▸ PROBLEM DESCRIPTION:
Output every record word for word.

▸ INFORMATION:
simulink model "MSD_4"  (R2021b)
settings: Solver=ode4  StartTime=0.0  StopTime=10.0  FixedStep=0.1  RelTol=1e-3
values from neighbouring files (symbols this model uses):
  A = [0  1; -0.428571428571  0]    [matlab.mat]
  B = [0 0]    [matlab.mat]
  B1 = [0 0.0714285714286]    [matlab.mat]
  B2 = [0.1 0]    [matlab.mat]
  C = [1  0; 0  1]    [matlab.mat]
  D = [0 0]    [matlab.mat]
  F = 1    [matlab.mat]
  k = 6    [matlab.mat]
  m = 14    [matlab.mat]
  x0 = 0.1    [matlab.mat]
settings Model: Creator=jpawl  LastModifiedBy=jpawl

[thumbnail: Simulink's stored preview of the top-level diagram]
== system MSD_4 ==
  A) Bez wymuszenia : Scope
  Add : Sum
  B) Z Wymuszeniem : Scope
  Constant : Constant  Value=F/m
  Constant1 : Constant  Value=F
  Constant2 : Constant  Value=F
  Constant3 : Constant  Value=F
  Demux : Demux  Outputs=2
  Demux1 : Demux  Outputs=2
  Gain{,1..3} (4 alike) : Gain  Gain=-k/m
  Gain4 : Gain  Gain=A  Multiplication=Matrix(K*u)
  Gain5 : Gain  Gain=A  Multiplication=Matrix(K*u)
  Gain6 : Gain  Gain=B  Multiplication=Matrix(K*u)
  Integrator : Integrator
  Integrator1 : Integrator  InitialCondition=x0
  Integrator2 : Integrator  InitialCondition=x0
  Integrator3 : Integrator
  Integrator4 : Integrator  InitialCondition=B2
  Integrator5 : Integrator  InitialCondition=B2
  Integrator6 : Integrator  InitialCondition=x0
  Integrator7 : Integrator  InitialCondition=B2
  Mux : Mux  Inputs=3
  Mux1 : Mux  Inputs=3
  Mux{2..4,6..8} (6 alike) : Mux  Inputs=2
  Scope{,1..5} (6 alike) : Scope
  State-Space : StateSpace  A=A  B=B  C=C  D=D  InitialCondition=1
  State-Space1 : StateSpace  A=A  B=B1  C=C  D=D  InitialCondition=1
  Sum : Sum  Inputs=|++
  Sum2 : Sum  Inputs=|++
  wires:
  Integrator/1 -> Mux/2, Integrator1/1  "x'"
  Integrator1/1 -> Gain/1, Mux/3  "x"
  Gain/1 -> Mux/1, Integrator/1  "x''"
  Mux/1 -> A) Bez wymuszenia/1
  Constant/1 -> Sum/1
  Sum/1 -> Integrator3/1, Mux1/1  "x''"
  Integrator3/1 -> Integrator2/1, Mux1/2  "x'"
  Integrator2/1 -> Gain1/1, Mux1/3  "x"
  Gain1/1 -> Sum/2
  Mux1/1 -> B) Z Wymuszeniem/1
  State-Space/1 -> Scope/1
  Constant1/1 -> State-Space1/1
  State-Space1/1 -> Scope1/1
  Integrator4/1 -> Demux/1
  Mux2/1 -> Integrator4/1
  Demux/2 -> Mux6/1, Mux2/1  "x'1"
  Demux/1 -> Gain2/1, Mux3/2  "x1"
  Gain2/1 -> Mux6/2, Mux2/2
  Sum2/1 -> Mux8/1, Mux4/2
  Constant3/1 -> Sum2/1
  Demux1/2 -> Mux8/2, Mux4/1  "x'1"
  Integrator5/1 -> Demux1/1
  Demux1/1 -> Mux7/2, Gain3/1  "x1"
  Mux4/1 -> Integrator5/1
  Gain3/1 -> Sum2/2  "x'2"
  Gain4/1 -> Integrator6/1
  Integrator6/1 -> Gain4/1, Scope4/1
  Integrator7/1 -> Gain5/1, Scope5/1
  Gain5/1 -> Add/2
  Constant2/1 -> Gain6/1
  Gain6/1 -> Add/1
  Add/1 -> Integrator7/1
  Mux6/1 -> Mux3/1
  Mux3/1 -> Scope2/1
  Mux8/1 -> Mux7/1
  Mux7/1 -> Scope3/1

▸ WRITTEN ANSWER:
simulink model "MSD_4"  (R2021b)
settings: Solver=ode4  StartTime=0.0  StopTime=10.0  FixedStep=0.1  RelTol=1e-3
values from neighbouring files (symbols this model uses):
  A = [0  1; -0.428571428571  0]    [matlab.mat]
  B = [0 0]    [matlab.mat]
  B1 = [0 0.0714285714286]    [matlab.mat]
  B2 = [0.1 0]    [matlab.mat]
  C = [1  0; 0  1]    [matlab.mat]
  D = [0 0]    [matlab.mat]
  F = 1    [matlab.mat]
  k = 6    [matlab.mat]
  m = 14    [matlab.mat]
  x0 = 0.1    [matlab.mat]
settings Model: Creator=jpawl  LastModifiedBy=jpawl

[thumbnail: Simulink's stored preview of the top-level diagram]
== system MSD_4 ==
  A) Bez wymuszenia : Scope
  Add : Sum
  B) Z Wymuszeniem : Scope
  Constant : Constant  Value=F/m
  Constant1 : Constant  Value=F
  Constant2 : Constant  Value=F
  Constant3 : Constant  Value=F
  Demux : Demux  Outputs=2
  Demux1 : Demux  Outputs=2
  Gain{,1..3} (4 alike) : Gain  Gain=-k/m
  Gain4 : Gain  Gain=A  Multiplication=Matrix(K*u)
  Gain5 : Gain  Gain=A  Multiplication=Matrix(K*u)
  Gain6 : Gain  Gain=B  Multiplication=Matrix(K*u)
  Integrator : Integrator
  Integrator1 : Integrator  InitialCondition=x0
  Integrator2 : Integrator  InitialCondition=x0
  Integrator3 : Integrator
  Integrator4 : Integrator  InitialCondition=B2
  Integrator5 : Integrator  InitialCondition=B2
  Integrator6 : Integrator  InitialCondition=x0
  Integrator7 : Integrator  InitialCondition=B2
  Mux : Mux  Inputs=3
  Mux1 : Mux  Inputs=3
  Mux{2..4,6..8} (6 alike) : Mux  Inputs=2
  Scope{,1..5} (6 alike) : Scope
  State-Space : StateSpace  A=A  B=B  C=C  D=D  InitialCondition=1
  State-Space1 : StateSpace  A=A  B=B1  C=C  D=D  InitialCondition=1
  Sum : Sum  Inputs=|++
  Sum2 : Sum  Inputs=|++
  wires:
  Integrator/1 -> Mux/2, Integrator1/1  "x'"
  Integrator1/1 -> Gain/1, Mux/3  "x"
  Gain/1 -> Mux/1, Integrator/1  "x''"
  Mux/1 -> A) Bez wymuszenia/1
  Constant/1 -> Sum/1
  Sum/1 -> Integrator3/1, Mux1/1  "x''"
  Integrator3/1 -> Integrator2/1, Mux1/2  "x'"
  Integrator2/1 -> Gain1/1, Mux1/3  "x"
  Gain1/1 -> Sum/2
  Mux1/1 -> B) Z Wymuszeniem/1
  State-Space/1 -> Scope/1
  Constant1/1 -> State-Space1/1
  State-Space1/1 -> Scope1/1
  Integrator4/1 -> Demux/1
  Mux2/1 -> Integrator4/1
  Demux/2 -> Mux6/1, Mux2/1  "x'1"
  Demux/1 -> Gain2/1, Mux3/2  "x1"
  Gain2/1 -> Mux6/2, Mux2/2
  Sum2/1 -> Mux8/1, Mux4/2
  Constant3/1 -> Sum2/1
  Demux1/2 -> Mux8/2, Mux4/1  "x'1"
  Integrator5/1 -> Demux1/1
  Demux1/1 -> Mux7/2, Gain3/1  "x1"
  Mux4/1 -> Integrator5/1
  Gain3/1 -> Sum2/2  "x'2"
  Gain4/1 -> Integrator6/1
  Integrator6/1 -> Gain4/1, Scope4/1
  Integrator7/1 -> Gain5/1, Scope5/1
  Gain5/1 -> Add/2
  Constant2/1 -> Gain6/1
  Gain6/1 -> Add/1
  Add/1 -> Integrator7/1
  Mux6/1 -> Mux3/1
  Mux3/1 -> Scope2/1
  Mux8/1 -> Mux7/1
  Mux7/1 -> Scope3/1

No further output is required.